**Task to complete**.
Extract the lines from the first one in the records below through the line containing "[0-100], values_dwf=23, mode_dwf=Percent", keeping both ends and leaving out any pictures.

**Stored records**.
....

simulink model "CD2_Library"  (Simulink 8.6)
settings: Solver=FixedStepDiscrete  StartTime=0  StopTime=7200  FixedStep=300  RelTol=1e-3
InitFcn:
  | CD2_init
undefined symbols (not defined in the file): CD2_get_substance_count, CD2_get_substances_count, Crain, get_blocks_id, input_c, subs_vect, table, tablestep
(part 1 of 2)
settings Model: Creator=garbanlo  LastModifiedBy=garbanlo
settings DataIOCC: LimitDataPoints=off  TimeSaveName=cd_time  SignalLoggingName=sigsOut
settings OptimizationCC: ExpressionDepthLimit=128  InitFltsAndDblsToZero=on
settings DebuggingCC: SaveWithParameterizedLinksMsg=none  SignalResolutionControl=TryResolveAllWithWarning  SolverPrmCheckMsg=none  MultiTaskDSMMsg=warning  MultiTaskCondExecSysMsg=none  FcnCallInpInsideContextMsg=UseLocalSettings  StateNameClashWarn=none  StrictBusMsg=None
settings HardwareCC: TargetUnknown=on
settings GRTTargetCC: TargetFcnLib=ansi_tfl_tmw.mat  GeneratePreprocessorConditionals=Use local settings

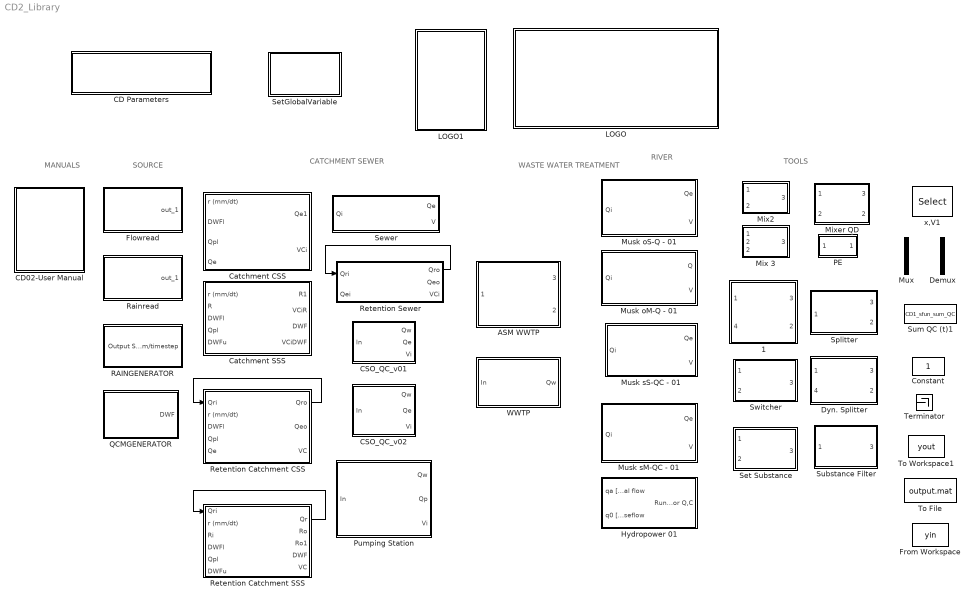
== system CD2_Library ==
  note: TOOLS
  note: SOURCE
  note: RIVER
  note: CATCHMENT
      | SEWER
  note: MANUALS
  note: WASTE WATER
      | TREATMENT
  " 1" : Subsystem  mask(Wrong Connect){n_comp=CD2_get_substances_count, values_rain=15, mode_rain=Percent [0-100], values_dwf=23, mode_dwf=Percent [0-100]}
      mask prompts: n_comp "Number of components"; values_rain "Fraction Qr --> Qdwf"; mode_rain "Splitting mode"; values_dwf "Fraction Qdwf --> Qr"; mode_dwf "Splitting mode"
      mask help: The block simulates wrong connections given in a seperate sewer system. MAgnitudes of wrong connections are described by fraction percentages (or quanities) diverted from or to the stormwater pipe.
      mask init:
      | % reading the toplevel systems' name 
      | % --> Plant file name;
      | tls=bdroot(gcb); 
      | % Obtaining the fixed sampling time
      | t_samp_char=get_param(tls, 'FixedStep');
      | % Convertion to numeric value
      | tstep = str2num(t_samp_char);
      mask TypeOptions mode_rain: Fraction [0-1] | Percent [0-100] | m³/s
      mask TypeOptions mode_dwf: Fraction [0-1] | Percent [0-100] | m³/s
      mask Display:
      | plot(0,0,100,100);
      | 
      | 
      | plot([30,70],[30,30]);
      | plot([30,70],[70,70]);
      | plot([40,60],[30,70]);
      | plot([40,60],[70,30]);
      | 
      | 
      | 
      | 
      | text(50,10,'WRONG Connect','HorizontalAlignment','center');
      | port_label('input',1,'Qr');
      | port_label('input',2,'Qdwf');
      | port_label('output',1,'Qr');
      | port_label('output',2,'Qdwf');
  " Dyn. Splitter" : Subsystem  mask(Splitter){n_comp=CD2_get_substances_count, mode=Percent [0-100]}
      mask prompts: n_comp "Number of components"; mode "Splitting mode"
      mask help: Splitter parameter.
      mask init: same as CD2_Library/ 1
      mask Help: Splits stream in 2 streams. Split by percent or by value.
      mask TypeOptions mode: Fraction [0-1] | Percent [0-100] | m³/s
      mask Display:
      | plot(0,0,100,100);
      | 
      | plot([30,50],[50,50]);
      | plot([50,70],[50,70]);
      | plot([50,70],[50,30]);
      | 
      | text(50,10,'Dyn. SPLITTER','HorizontalAlignment','center');
      | port_label('input',1,'Qi');
      | port_label('output',1,'Q1');
      | port_label('output',2,'Q2');
  " Hydropower 01" : Subsystem  mask(HYDROPOWER){n_comp=CD2_get_substances_count, C_Stream=[1 2 3]}
      mask prompts: n_comp "No of components"; C_Stream "Vector of Stream-Conc. g/m3"
      mask help:
      | Hydropower block for modelling downstream release of water. Upstream concnetration of baseflow ( qo ) and additional flow ( qa ) are considered constant.
      |
      | Used function:
      | CD1_sfun_hydropower
      mask init:
      | % reading the toplevel systems' name 
      | % --> Plant file name;
      | tls=bdroot(gcb); 
      | % Obtaining the fixed sampling time
      | t_samp_char=get_param(tls, 'FixedStep');
      | % Convertion to numeric value
      | tstep = str2num(t_samp_char);
      mask Display:
      | plot(0,0,100,100, [30 30 32 34 36 38 40 44 46 50], [28 60 62 65 67 70 70 67 65 25], [15 80],[30 20], [30 50],[34 30],[30 50],[38 34], [15 33],[65 65], [50 80],[45 40] );
      | text(50,90,'HYDROPOWER','HorizontalAlignment','center');
      | text(50,10,'baseflow','HorizontalAlignment','center');
      | port_label('input',1,'qa');
      | port_label('input',2,'qo');
      | port_label('output',1,'Qe');
  " Mixer QD" : Subsystem  mask(Mixer QD){n_comp=CD2_get_substances_count, Cmcl=[3 3 3]}
      mask prompts: n_comp "Number of pollutants [ - ]"; Cmcl "MCL - Vector of max. concentration limits [g/m3]"
      mask help:
      | Performes mixing of pollutant fluxes Qw  and Qo in accordance to their hydraulic load. Qo is considered to be the less pollluted flux. In addition the required increase of Qo is calculated for meeting required MCL (maximum concentration limits) defined by user input.
      |
      | Function used:
      | CD1_sfun_mixing_QC_QD.m
      mask init: same as CD2_Library/ 1
      mask Display:
      | plot(0,0,100,100);
      | 
      | text(50,60,'Mixing','HorizontalAlignment','center');
      | text(50,35,'QD','HorizontalAlignment','center');
      | 
      | 
      | port_label('input',1,'Qw');
      | port_label('input',2,'Qo');
      | port_label('output',1,'Qe');
      | port_label('output',2,'QD');
  ASM WWTP : Subsystem  mask(ASM WWTP){wwtpfile='wwtp_vils.txt', dtwwtp=30, frac=[1 1 1], n_comp=CD2_get_substances_count}
      mask prompts: wwtpfile "WWTP File"; dtwwtp "delta t WWTP"; frac "Fraction sol [0-1]"; n_comp "Number of pollutants [ - ]"
      mask help: WWTP unit that includes primray clarifier, biology and secondary clarifier. Biochemical modelling is based on a simplified ASM1 model.
      mask init: same as CD2_Library/ 1
      mask Display:
      | plot(0,0,100,100);
      | 
      | plot(0,0,100,100);
      | 
      | patch( [15,35,25,15],[55,55,30,55],[.6 0.6 .3]);
      | patch( [40,60,60,40,40],[30,30,55,55,30],[.8 0.6 .3]);
      | patch( [65,85,75,65],[55,55,30,55],[1 0.6 .3]);
      | 
      | plot( [15,35,25,15],[55,55,30,55], [30, 40],[40,40], [40,60,60,40,40],[30,30,55,55,30], [65,85,75,65],[55,55,30,55], [60, 70],[40,40] );
      | 
      | 
      | 
      | text(50,70,'ASM-WWTP','HorizontalAlignment','center');
      | 
      | 
      | port_label('input',1,'Qi');
      | port_label('output',1,'Qe');
      | port_label('output',2,'ASM1+P');
  CD Parameters : Subsystem  mask(City Drain 2.0 - Simulation parameters){subst='HCO3 NH4', t_step=300, t_start=0, t_stop=7200}
      mask prompts: subst "Modell Substances list (string)"; t_step "Sampling Time [s]"; t_start "Start Time [s]"; t_stop "Stop Time [s]"
      mask help:
      | Block that sets the global parameters required in City Drain 2.0. Following paramters are set without user's input:
      |
      | - 'Solver' --> 'FixedStepDiscrete'
      | - 'TimeSaveName' --> 'cd_time'
      | - 'Decimation' --> '1'
      | - 'LimitDataPoints' -->  'off'
      mask init:
      | % toplevel systems' name --> Plant file name;
      | tls=bdroot(gcb); 
      | set_param(tls, 'Solver', 'FixedStepDiscrete'); 
      | set_param(tls, 'TimeSaveName', 'cd_time');
      | set_param(tls, 'Decimation', '1');
      | set_param(tls, 'LimitDataPoints', 'off');
      | set_param(tls, 'ScreenColor', 'white');
      | 
      | tstep_char=num2str(t_step); % Setting the discrete time step
      | set_param(tls, 'FixedStep', tstep_char); 
      | 
      | tstart_char=num2str(t_start); % Setting the start time
      | set_param(tls, 'StartTime', tstart_char); 
      | 
      | tstop_char=num2str(t_stop); % Setting the stop time
      | set_param(tls, 'StopTime', tstop_char);
      | 
      | set_param(gcs,'InitFcn','CD2_init');
      mask Display:
      | plot(0,0,100,100);
      | 
      | text(50,65,'CITY DRAIN','HorizontalAlignment','center');
      | text(50,35,'PARAMETERS','HorizontalAlignment','center');
      | 
      | 
      | image(imread('CityDrain_SimParam.jpg'))
  CD02-User Manual : Subsystem  mask(Open Usermanual){}
      settings: OpenFcn=open('CD2_UserManual_2007.pdf');
      mask Display:
      | text(50,70,'CITY DRAIN 1.0','HorizontalAlignment','center');
      | text(50,40,'User Manual','HorizontalAlignment','center');
      | image(imread('CD1_start_user_manual.jpg'));
  CSO_QC_v01 : Subsystem  mask(CSO Typ A - Combined sewer overflow){Vmax=300, Qemax=0.1, n_comp=CD2_get_substances_count}
      mask prompts: Vmax "Basin Volume [m3]"; Qemax "Maximum Effluent flow [m3/s]"; n_comp "Number of Pollutants [-]"
      mask help:
      | Combined sewer overflow structure.
      | Diverts the inflow given into effluent and overflow. The model implemented consideres hydraulics and pollutant routing by full mixing in the structure.
      |
      | Function used:
      | CD1_sfun_cso_A.m
      mask init: same as CD2_Library/ 1
      mask Display:
      | plot(0,0,100,100);
      | 
      | text(50,60,'CSO','HorizontalAlignment','center');
      | text(50,30,'Typ A','HorizontalAlignment','center');
      | 
      | 
      | port_label('input',1,'Qi');
      | port_label('output',1,'Qw');
      | port_label('output',2,'Qe');
      | port_label('output',3,'Vi');
  CSO_QC_v02 : Subsystem  mask(CSO Typ B - Combined sewer overflow){Vmax=300, Qemax=0.1, n_comp=CD2_get_substances_count, n_sed=[0.2]}
      mask prompts: Vmax "Basin Volume (m3)"; Qemax "Maximum Effluent flow [m3/s]"; n_comp "Number of Pollutants [-]"; n_sed "n-sed (Vect. of Sed. Coefficients)"
      mask help:
      | Combined sewer overflow structure.
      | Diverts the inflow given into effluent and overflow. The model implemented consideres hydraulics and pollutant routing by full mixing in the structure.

....

**Written response**.
simulink model "CD2_Library"  (Simulink 8.6)
settings: Solver=FixedStepDiscrete  StartTime=0  StopTime=7200  FixedStep=300  RelTol=1e-3
InitFcn:
  | CD2_init
undefined symbols (not defined in the file): CD2_get_substance_count, CD2_get_substances_count, Crain, get_blocks_id, input_c, subs_vect, table, tablestep
(part 1 of 2)
settings Model: Creator=garbanlo  LastModifiedBy=garbanlo
settings DataIOCC: LimitDataPoints=off  TimeSaveName=cd_time  SignalLoggingName=sigsOut
settings OptimizationCC: ExpressionDepthLimit=128  InitFltsAndDblsToZero=on
settings DebuggingCC: SaveWithParameterizedLinksMsg=none  SignalResolutionControl=TryResolveAllWithWarning  SolverPrmCheckMsg=none  MultiTaskDSMMsg=warning  MultiTaskCondExecSysMsg=none  FcnCallInpInsideContextMsg=UseLocalSettings  StateNameClashWarn=none  StrictBusMsg=None
settings HardwareCC: TargetUnknown=on
settings GRTTargetCC: TargetFcnLib=ansi_tfl_tmw.mat  GeneratePreprocessorConditionals=Use local settings

== system CD2_Library ==
  note: TOOLS
  note: SOURCE
  note: RIVER
  note: CATCHMENT
      | SEWER
  note: MANUALS
  note: WASTE WATER
      | TREATMENT
  " 1" : Subsystem  mask(Wrong Connect){n_comp=CD2_get_substances_count, values_rain=15, mode_rain=Percent [0-100], values_dwf=23, mode_dwf=Percent [0-100]}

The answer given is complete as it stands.